I can understand adjusting final confidence interval endpoints for having done interim analyses, but I have yet to come across the scenario that a point estimate needed to be adjusted. I’m happy to be informed here of point estimate adjustment procedures that I have not yet heard of.

> “Freedman et al.36 give example where such adjustment yields 0.95 CI that includes 0.0 even for data indicating that study should be stopped at the first interim analysis”

> “As frequentist methods use intentions (e.g., stopping rule), they are not fully objective8. If the investigator died after reporting the data but before reporting the design of the experiment, it would be impossible to calculate a P–value or other standard measures of evidence.”

Of course any reasonable investigator reports the design of the experiment before collecting data. That’s why we have e.g. the clinicaltrials.gov site – so designs can be reported before the data is collected and the investigator dies. How this is not objective mystifies me.

> “Since P–values are probabilities of obtaining a result as or more extreme than the study’s result under repeated experimentation, frequentists interpret results by inferring ‘what would have occurred following results that were not observed at analyses that were never performed’ 29.”

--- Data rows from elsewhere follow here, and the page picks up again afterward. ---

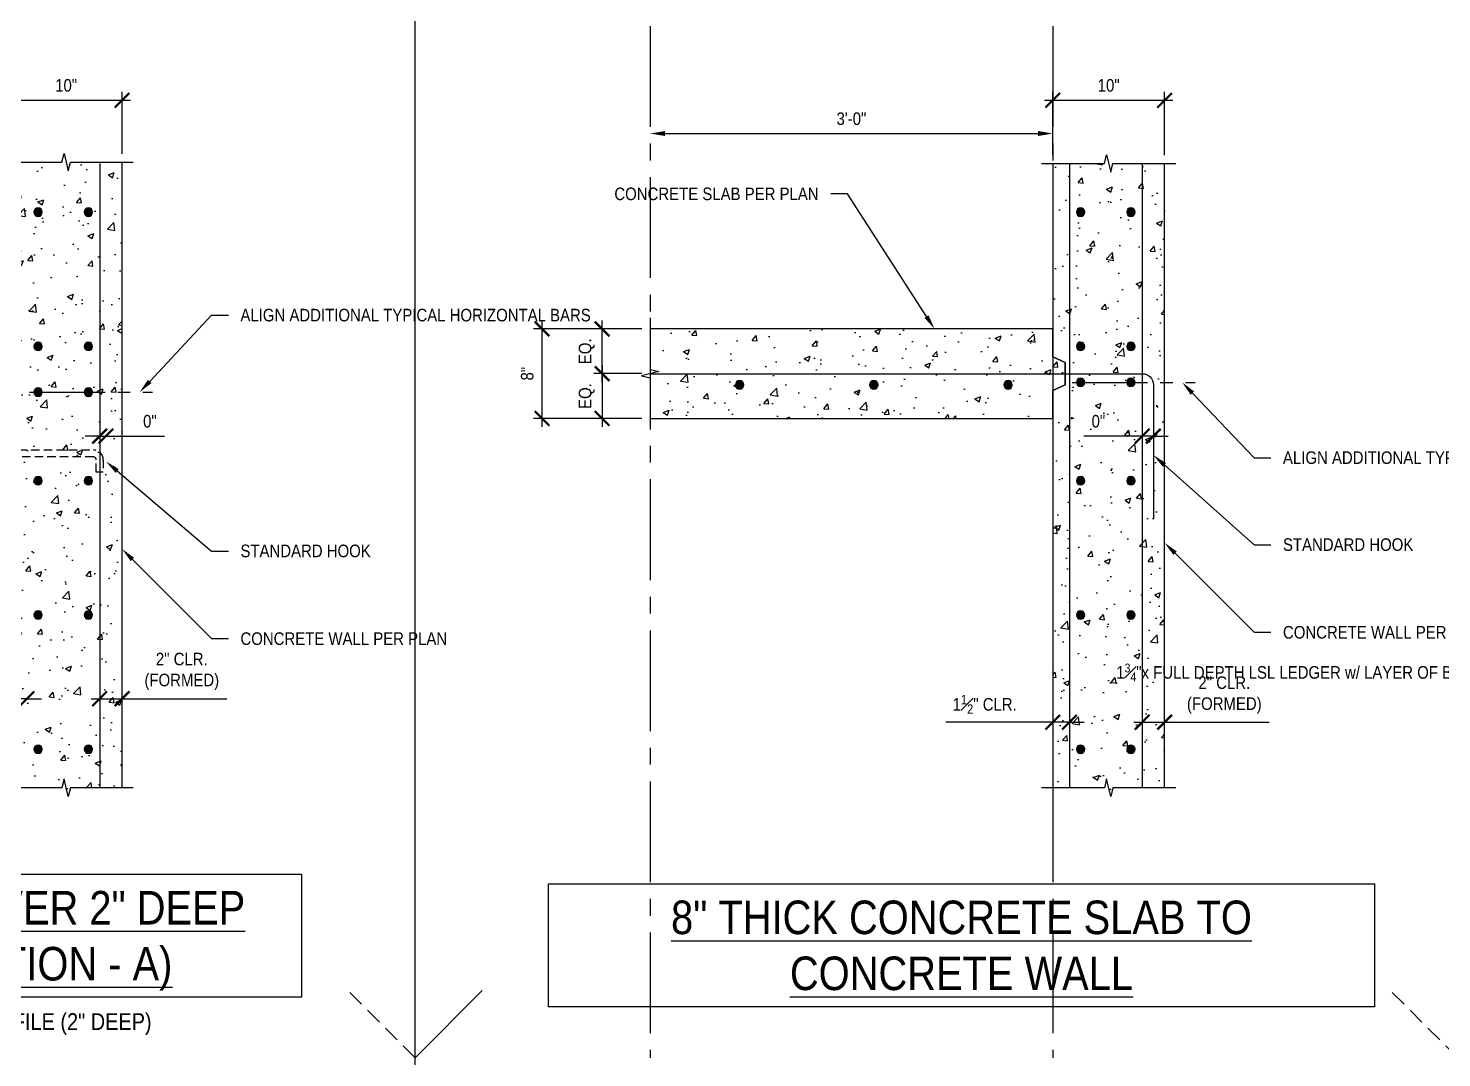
# Model space of a CAD drawing. Header units: inches. Extents: x -2661 to 42767, y -1222 to 9099.
# Drawn here: x 649.6 to 775.9, y 1811.5 to 1903.5 of the extents above; entities that cross this region are included whole.
import ezdxf
from ezdxf import colors
from ezdxf.entities.mleader import LeaderData, LeaderLine
from ezdxf.math import Vec2, Vec3

# ---------------------------------------------------------------- set-up
doc = ezdxf.new("R2010")
doc.units = ezdxf.units.IN
doc.header["$LTSCALE"] = 12
doc.header["$MEASUREMENT"] = 0
doc.header["$PDMODE"] = 3
for name, pattern in [('CENTER2', [1.125, 0.75, -0.125, 0.125, -0.125]), ('HIDDEN2', [0.1875, 0.125, -0.0625]), ('HIDDEN4', [0.09375, 0.0625, -0.03125])]:
    doc.linetypes.add(name, pattern=pattern)
doc.layers.get('0').update_dxf_attribs({"linetype": 'CONTINUOUS'})
doc.layers.get('DefPoints').update_dxf_attribs({"color": 251, "linetype": 'CONTINUOUS'})
doc.layers.add('DESIGNER COMMENTS', color=221, linetype='CONTINUOUS', plot=False)
doc.layers.add('S-ANNO-GRID-NONPLOT', color=251, linetype='CONTINUOUS', plot=False)
for name, color, linetype in [('S-ANNO-DIMS', 2, 'CONTINUOUS'), ('S-ANNO-NOTE', 4, 'CONTINUOUS'), ('S-BOLT', 2, 'CONTINUOUS'), ('S-BREAK', 2, 'CONTINUOUS'), ('S-CONC', 4, 'CONTINUOUS'), ('S-GRID', 1, 'CENTER2'), ('S-REBAR', 7, 'CONTINUOUS')]:
    doc.layers.add(name, color=color, linetype=linetype)
doc.layers.add('S-HATCH2', color=2, linetype='CONTINUOUS', transparency=0.5)
doc.styles.add('Arial', font='arial.ttf', dxfattribs={"width": 0.85})
doc.dimstyles.new('DIM-12_Se', dxfattribs={"dimscale": 12, "dimtxt": 0.09375, "dimasz": 0.109375, "dimexe": 0.0625, "dimexo": 0.0625, "dimgap": 0.0625, "dimtad": 1, "dimdec": 4, "dimzin": 11, "dimdsep": 46, "dimlunit": 4, "dimtxsty": 'Arial', "dimblk": 'ARCHTICK', "dimcen": 0.125, "dimdle": 0.0625, "dimclrd": 256, "dimclre": 256, "dimclrt": 4, "dimadec": 0, "dimazin": 0, "dimtfac": 0.75, "dimtdec": 4, "dimtmove": 0, "dimatfit": 3, "dimfxl": 1, "dimfrac": 1, "dimtolj": 1, "dimtzin": 0, "dimarcsym": 0})
pattern_1 = [(50, (249.3637, 1555.5466), (5.37945, -0.47064), [0.5625, -6.1875]), (355, (249.3637, 1555.5466), (-1.040635, 5.64144), [0.45, -4.95]), (100.4514, (249.812, 1555.5073), (4.338816, 5.1708), [0.47805, -5.258566]), (46.1842, (249.364, 1557.0466), (8.00431, -1.241395), [0.84375, -9.28125]), (96.6356, (250.031, 1556.943), (7.00996, 7.30589), [0.71708, -7.88785]), (351.1842, (249.364, 1557.0466), (7.00996, 7.30589), [0.675, -7.425]), (21, (250.1137, 1556.6716), (4.476803, -3.019642), [0.5625, -6.1875]), (326, (250.1137, 1556.6716), (1.824865, 5.438625), [0.45, -4.95]), (71.4514, (250.487, 1556.42), (6.30167, 2.418984), [0.47805, -5.258566]), (37.5, (249.3637, 1555.5466), (0.091199, 2.496704), [0, -4.89, 0, -5.025, 0, -4.96875]), (7.5, (249.3637, 1555.5466), (1.973022, 2.958088), [0, -2.865, 0, -4.7775, 0, -1.89375]), (327.5, (247.6912, 1555.5466), (4.003668, -0.1691615), [0, -1.875, 0, -5.85, 0, -7.7625]), (317.5, (246.9412, 1555.5466), (4.373896, 0.750787), [0, -2.4375, 0, -3.885, 0, -5.5125])]

# ---------------------------------------------------------------- blocks, each defined once
blk = doc.blocks.new('Se_24x36_STARTERS_GRID')
for p, q in [((-186.42, -92), (-186.42, 276)), ((-186.42, 0), (-180.42, 6))]:
    blk.add_line(p, q)
at = {"linetype": 'HIDDEN2'}
for p, q in [((-186.42, 0), (-192.42, 6)), ((-93.21, 0), (-99.21, 6))]:
    blk.add_line(p, q, dxfattribs=at)
blk = doc.blocks.new('*D1874')
at = {"layer": 'DefPoints', "color": 0, "transparency": 16777216}
for p in [(705.17, 1894.14), (741.17, 1894.14), (741.17, 1894.14)]:
    blk.add_point(p, dxfattribs=at)
at = {"layer": 'DESIGNER COMMENTS', "lineweight": -2, "transparency": 16777216}
blk.add_line((706.49, 1894.14), (739.86, 1894.14), dxfattribs=at)
at = {"layer": 'DESIGNER COMMENTS', "transparency": 16777216}
for points in [[(706.49, 1894.36), (706.49, 1893.92), (705.17, 1894.14)], [(739.86, 1894.36), (739.86, 1893.92), (741.17, 1894.14)]]:
    blk.add_solid(points, dxfattribs=at)
at = {"layer": 'DESIGNER COMMENTS', "transparency": 16777216, "insert": (723.17, 1895.46), "char_height": 1.125, "attachment_point": 5, "style": 'Arial'}
blk.add_mtext('\\A1;3\'-0"', dxfattribs=at)
blk = doc.blocks.new('*U521')
h = blk.add_hatch(color=256)
h.dxf.hatch_style = 1
h.paths.add_polyline_path([(0.375, 0, 1), (-0.375, 0, 1)])
at = {"color": 0}
blk.add_circle((0, 0), 0.375, dxfattribs=at)
blk = doc.blocks.new('*U1828')
at = {"layer": 'S-REBAR', "linetype": 'ByBlock', "rotation": 180}
blk.add_blockref('*U521', (0, 0), dxfattribs=at)
blk = doc.blocks.new('*U1817')
at = {"layer": 'S-REBAR', "color": 0, "linetype": 'ByBlock', "lineweight": -2, "transparency": 16777216}
for p in [(0, 0), (12, 0), (24, 0)]:
    blk.add_blockref('*U1828', p, dxfattribs=at)
blk = doc.blocks.new('_ARCHTICK')
at = {"color": 0, "linetype": 'ByBlock', "const_width": 0.15}
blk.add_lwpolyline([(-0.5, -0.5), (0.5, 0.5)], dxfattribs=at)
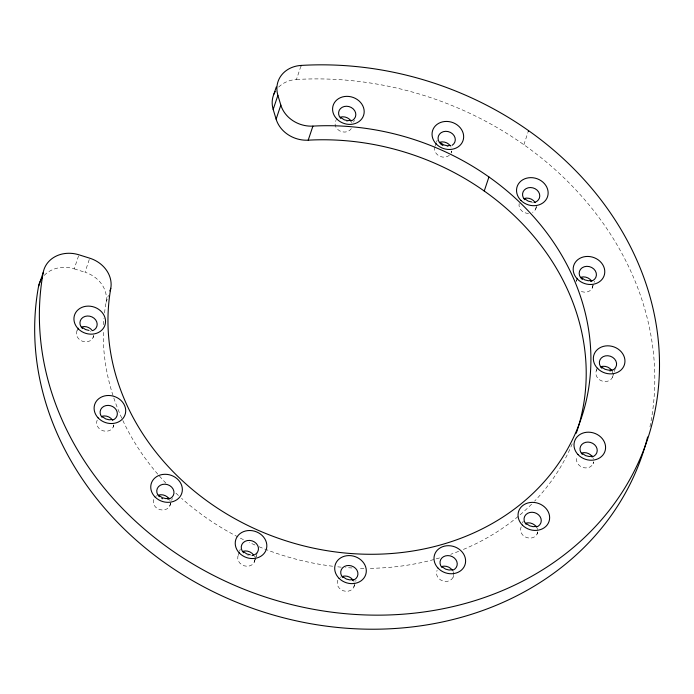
<?xml version="1.0" encoding="UTF-8"?>
<svg xmlns="http://www.w3.org/2000/svg" width="694" height="694" viewBox="0 0 694 694"><rect width="100%" height="100%" fill="white"/><g stroke="black" fill="none" stroke-linecap="round" stroke-linejoin="round"><path stroke-width="0.52" stroke-dasharray="3.47 2.6" d="M257.075 553.344L254.308 562.123L256.554 555.018M612.472 377.336L615.309 368.479M592.251 288.062L594.48 281.209M238.346 555.07L239.3 552.155M239.621 551.183L240.263 549.249M353.827 587.089L356.013 580.418M576.289 281.001L577.295 277.964M169.77 506.013L171.357 501.259M171.67 500.313L172.303 498.413M596.415 370.492L597.369 367.612M44.234 275.397A29.131 25.071 18.5 0 1 74.215 268.864L78.925 254.802M104.534 312.933A244.687 210.612 18.5 0 1 106.087 302.376A29.131 25.071 18.5 0 0 85.006 272.248L89.708 258.177M106.087 302.376L107.561 297.986M107.848 297.101L108.438 295.349M278.676 87.08A29.131 25.071 18.5 0 1 296.451 79.498L300.563 67.188M523.866 144.716L527.978 132.407M593.058 463.8L593.7 461.883A8.736 7.521 18.5 0 1 582.578 467.366A8.736 7.521 18.5 0 1 577.425 456.149M353.654 122.057L354.304 120.123M535.56 209.371L536.922 205.32M93.057 337.622L93.707 335.705M453.078 577.321L453.746 575.343M113.183 427.105L113.859 425.118M451.126 153.044L451.768 151.145M537.052 534.094L537.755 532.038M76.999 330.778L78.058 327.707M435.164 145.992L436.153 143.155M436.491 142.209L437.151 140.318M522.547 523.016L523.224 521.116M74.215 268.864L85.006 272.248M296.451 79.498A314.2 270.443 18.5 0 1 649.515 428.857M572.212 443.882A244.687 210.612 18.5 0 1 534.623 501.103M531.604 504.191A244.687 210.612 18.5 0 1 462.525 549.795M458.665 551.348A244.687 210.612 18.5 0 1 450.762 554.289M439.571 557.915A244.687 210.612 18.5 0 1 368.245 568.343M363.916 568.334A244.687 210.612 18.5 0 1 358.512 568.23M352.04 567.961A244.687 210.612 18.5 0 1 345.551 567.536M341.222 567.172A244.687 210.612 18.5 0 1 336.911 566.738M332.634 566.235A244.687 210.612 18.5 0 1 258.931 546.681M255.01 545.016A244.687 210.612 18.5 0 1 249.181 542.404M243.429 539.672A244.687 210.612 18.5 0 1 181.542 498.292M178.462 495.516A244.687 210.612 18.5 0 1 175.443 492.688M165.892 483.137A244.687 210.612 18.5 0 1 103.311 330.144M103.527 324.731A244.687 210.612 18.5 0 1 103.979 318.26M93.621 335.54A8.736 7.521 18.5 0 1 82.647 341.335A8.736 7.521 18.5 0 1 77.346 330.11M113.799 424.884A8.736 7.521 18.5 0 1 103.198 430.835A8.736 7.521 18.5 0 1 97.221 420.052M170.464 503.037A8.736 7.521 18.5 0 1 160.132 509.708A8.736 7.521 18.5 0 1 153.912 498.743M156.289 496.097A8.736 7.521 18.5 0 1 156.931 495.724M169.744 499.958A8.736 7.521 18.5 0 1 170.047 500.695M351.355 128.529A8.736 7.521 18.5 0 1 339.748 130.914A8.736 7.521 18.5 0 1 336 120.357M351.685 122.248A8.736 7.521 18.5 0 1 351.962 122.977M449.365 155.3A8.736 7.521 18.5 0 1 438.114 155.309A8.736 7.521 18.5 0 1 435.485 145.393M450.71 146.469A8.736 7.521 18.5 0 1 451.1 147.206M451.716 151.04A8.736 7.521 18.5 0 1 451.386 152.42M254.95 559.373A8.736 7.521 18.5 0 1 244.236 565.818A8.736 7.521 18.5 0 1 238.675 554.471M254.282 556.284A8.736 7.521 18.5 0 1 254.585 557.048M536.21 207.176A8.736 7.521 18.5 0 1 532.541 212.39M528.55 213.388A8.736 7.521 18.5 0 1 519.181 203.524M354.391 585.016A8.736 7.521 18.5 0 1 343.417 590.811A8.736 7.521 18.5 0 1 338.117 579.585M340.329 577.339A8.736 7.521 18.5 0 1 341.049 576.931M353.801 581.477A8.736 7.521 18.5 0 1 354.079 582.205M592.893 285.069A8.736 7.521 18.5 0 1 580.193 290.925M575.994 281.721A8.736 7.521 18.5 0 1 576.671 280.324M612.091 370.995A8.736 7.521 18.5 0 1 604.483 381.535A8.736 7.521 18.5 0 1 596.771 369.824M453.052 571.483A8.736 7.521 18.5 0 1 445.132 581.416A8.736 7.521 18.5 0 1 437.116 570.268M593.032 457.962A8.736 7.521 18.5 0 1 593.335 458.725M537.711 531.899A8.736 7.521 18.5 0 1 526.98 537.668A8.736 7.521 18.5 0 1 521.194 526.824M537.026 528.039A8.736 7.521 18.5 0 1 537.564 529.539M91.018 331.151A8.736 7.521 18.5 0 1 90.42 331.246M347.243 121.519A8.736 7.521 18.5 0 1 346.627 121.45M448.237 146.59A8.736 7.521 18.5 0 1 447.014 146.616M248.357 555.434A8.736 7.521 18.5 0 1 247.758 555.269M533.617 202.691A8.736 7.521 18.5 0 1 532.419 202.83"/><path stroke-width="1.04" d="M647.615 436.994A314.2 270.443 18.5 0 1 287.212 618.736A314.2 270.443 18.5 0 1 38.5 286.596L43.202 272.534A29.131 25.071 18.5 0 1 78.925 254.802L89.708 258.177A29.131 25.071 18.5 0 1 110.788 288.314A244.687 210.612 18.5 0 0 337.006 552.129A244.687 210.612 18.5 0 0 590.611 348.605A244.687 210.612 18.5 0 0 312.916 126.108A29.131 25.071 18.5 0 1 280.827 105.098L277.895 95.347A29.131 25.071 18.5 0 1 301.153 65.427A314.2 270.443 18.5 0 1 659.092 350.6A314.2 270.443 18.5 0 1 333.085 612.342A314.2 270.443 18.5 0 1 43.202 272.534M109.912 290.951L110.788 288.314M273.939 94.037L276.29 87.002M576.263 433.221A244.687 210.612 18.5 0 0 308.205 140.171A29.131 25.071 18.5 0 1 276.125 119.16L273.184 109.409L277.895 95.347M276.125 119.16L280.827 105.098M300.858 66.312L301.153 65.427M308.205 140.171L312.916 126.108M484.239 191.024L488.94 176.961M528.273 131.53L528.568 130.654M351.164 120.322L347.677 120.669L344.181 119.793L341.214 117.815M450.632 145.402L447.144 145.749L443.648 144.864L440.673 142.895M591.756 280.411L588.269 280.758L584.773 279.882L581.806 277.904M112.688 419.462L109.201 419.809L105.705 418.933L102.738 416.955M611.935 369.798L608.447 370.145L604.942 369.26L601.976 367.282M169.336 498.257L165.84 498.604L162.344 497.728L159.377 495.75M592.572 456.158L589.076 456.505L585.58 455.62L582.613 453.642M536.618 526.338L533.122 526.685L529.626 525.809L526.659 523.831M353.281 579.551L349.793 579.898L346.297 579.022L343.33 577.044M452.592 569.679L449.096 570.026L445.6 569.141L442.633 567.163M531.63 201.963L528.134 201.087L525.158 199.109M89.023 330.431L85.527 329.546L82.56 327.568M250.326 554.827L246.83 553.942L243.863 551.964M38.5 286.596A29.131 25.071 18.5 0 1 41.961 278.199M273.184 109.409A29.131 25.071 18.5 0 1 275.197 91.547M81.823 326.865A8.736 7.521 18.5 0 1 92.224 330.578M102.035 417.302A8.736 7.521 18.5 0 1 103.779 406.398A8.736 7.521 18.5 0 1 116.132 409.712A8.736 7.521 18.5 0 1 112.619 420.148M101.871 416.287A8.736 7.521 18.5 0 1 112.419 419.983M158.388 495.117A8.736 7.521 18.5 0 1 168.928 498.604M340.468 117.113A8.736 7.521 18.5 0 1 350.878 120.817M439.814 142.218A8.736 7.521 18.5 0 1 450.25 145.766M242.995 551.296A8.736 7.521 18.5 0 1 253.431 554.836M524.17 198.475A8.736 7.521 18.5 0 1 535.152 202.613M342.584 576.341A8.736 7.521 18.5 0 1 352.994 580.054M580.939 277.236A8.736 7.521 18.5 0 1 591.488 280.931M600.449 366.84A8.736 7.521 18.5 0 1 611.64 370.292M441.766 566.495A8.736 7.521 18.5 0 1 452.315 570.19M581.746 452.974A8.736 7.521 18.5 0 1 592.182 456.513M525.67 523.198A8.736 7.521 18.5 0 1 536.21 526.685M82.482 328.574A8.736 7.521 18.5 0 1 83.037 317.349A8.736 7.521 18.5 0 1 95.677 319.925A8.736 7.521 18.5 0 1 92.718 330.665M159.299 496.757A8.736 7.521 18.5 0 1 160.34 485.236A8.736 7.521 18.5 0 1 173.11 489.088A8.736 7.521 18.5 0 1 167.835 499.333M162.387 498.743A8.736 7.521 18.5 0 1 161.823 498.492M340.711 118.388A8.736 7.521 18.5 0 1 342.177 107.301A8.736 7.521 18.5 0 1 354.66 110.65A8.736 7.521 18.5 0 1 350.817 121.103M442.841 145.497A8.736 7.521 18.5 0 1 439.571 134.081A8.736 7.521 18.5 0 1 452.523 133.838A8.736 7.521 18.5 0 1 452.115 145.324M243.568 552.762A8.736 7.521 18.5 0 1 245.077 541.32A8.736 7.521 18.5 0 1 257.726 545.562A8.736 7.521 18.5 0 1 252.026 555.599M524.664 199.681A8.736 7.521 18.5 0 1 526.13 188.595A8.736 7.521 18.5 0 1 538.605 191.943A8.736 7.521 18.5 0 1 534.77 202.396M342.827 577.616A8.736 7.521 18.5 0 1 344.458 566.443A8.736 7.521 18.5 0 1 356.976 570.216A8.736 7.521 18.5 0 1 352.37 580.496M582.413 279.509A8.736 7.521 18.5 0 1 582.205 267.737A8.736 7.521 18.5 0 1 595.305 270.825A8.736 7.521 18.5 0 1 590.559 281.426M601.898 368.288A8.736 7.521 18.5 0 1 603.112 356.681A8.736 7.521 18.5 0 1 615.89 360.967A8.736 7.521 18.5 0 1 609.844 370.96M441.939 567.519A8.736 7.521 18.5 0 1 443.518 556.701A8.736 7.521 18.5 0 1 455.811 559.598A8.736 7.521 18.5 0 1 453.061 570.138M582.318 454.44A8.736 7.521 18.5 0 1 583.498 443.18A8.736 7.521 18.5 0 1 596.111 446.563A8.736 7.521 18.5 0 1 591.939 457.025M526.156 524.404A8.736 7.521 18.5 0 1 527.622 513.317A8.736 7.521 18.5 0 1 540.106 516.674A8.736 7.521 18.5 0 1 536.271 527.119M98.123 417.892A16.023 13.793 18.5 0 0 124.929 415.081A16.023 13.793 18.5 0 0 106.668 395.58A16.023 13.793 18.5 0 0 98.123 417.892M78.335 328.913A16.023 13.793 18.5 0 0 104.924 325.234A16.023 13.793 18.5 0 0 85.943 306.271A16.023 13.793 18.5 0 0 78.335 328.913M155.152 497.086A16.023 13.793 18.5 0 0 181.741 493.417A16.023 13.793 18.5 0 0 162.76 474.444A16.023 13.793 18.5 0 0 155.152 497.086M336.98 119.151A16.023 13.793 18.5 0 0 363.569 115.473A16.023 13.793 18.5 0 0 344.588 96.509A16.023 13.793 18.5 0 0 336.98 119.151M436.066 143.832A16.023 13.793 18.5 0 0 462.872 141.021A16.023 13.793 18.5 0 0 444.611 121.519A16.023 13.793 18.5 0 0 436.066 143.832M239.248 552.91A16.023 13.793 18.5 0 0 266.054 550.09A16.023 13.793 18.5 0 0 247.793 530.598A16.023 13.793 18.5 0 0 239.248 552.91M520.934 200.445A16.023 13.793 18.5 0 0 547.523 196.775A16.023 13.793 18.5 0 0 528.542 177.803A16.023 13.793 18.5 0 0 520.934 200.445M339.097 578.38A16.023 13.793 18.5 0 0 365.686 574.71A16.023 13.793 18.5 0 0 346.705 555.738A16.023 13.793 18.5 0 0 339.097 578.38M577.191 278.841A16.023 13.793 18.5 0 0 603.997 276.03A16.023 13.793 18.5 0 0 585.736 256.528A16.023 13.793 18.5 0 0 577.191 278.841M597.751 368.618A16.023 13.793 18.5 0 0 624.34 364.949A16.023 13.793 18.5 0 0 605.359 345.976A16.023 13.793 18.5 0 0 597.751 368.618M438.018 568.108A16.023 13.793 18.5 0 0 464.824 565.289A16.023 13.793 18.5 0 0 446.563 545.788A16.023 13.793 18.5 0 0 438.018 568.108M578.007 454.587A16.023 13.793 18.5 0 0 604.804 451.768A16.023 13.793 18.5 0 0 586.543 432.275A16.023 13.793 18.5 0 0 578.007 454.587M522.435 525.167A16.023 13.793 18.5 0 0 549.023 521.498A16.023 13.793 18.5 0 0 530.043 502.525A16.023 13.793 18.5 0 0 522.435 525.167"/></g></svg>

Science is about studying repeated phenomena. We infer many conditions concerning results not observed at analyses never performed. We infer the results of a coin toss without observing all coins and all tosses of those coins. Of course, we could all be mightily surprised to find that after tomorrow, all coin tosses land heads up, and our old binomial coin toss examples, about fairness and 50/50 outcomes, no longer are of any use. If the sun comes up that is. But it hasn’t happened yet, and today the sun shines here in Vancouver, which is a bit odd but not impossible. These phenomena happen repeatedly, even though we have yet to observe them all, which is why frequentist methods have proven so useful in the scientific study of natural phenomena. So I intend to continue interpreting results using the useful tool of inferring what might occur following results that were not observed at analyses that were never performed, given results observed, when I perform analyses.

4. Thank you all for your submissions. The error statistical judges and I will study them right after I complete the final review of the revised version of my proofs. The deadline for your submissions is 1 year, so there’s no rush.

5. I’m ready to make good on my promise to give free books, now that they are available–or will be any day-, but I should have been clearer about one thing. I deny it’s really a matter of intentions. The various selection effects are real things that actually alter the probative capacity of a test. Thus, in the view I hope to convince you of, it’s not a matter of intentions and it’s wrongheaded to describe it as such. So for future applicants, you might say a bit as to why framing the issue as one of intentions is problematic. That is why in the “21 word solution” to nonreplication, Simmons, Nielson and Simonsohn, require the researcher to stipulate their stopping plan at the outset.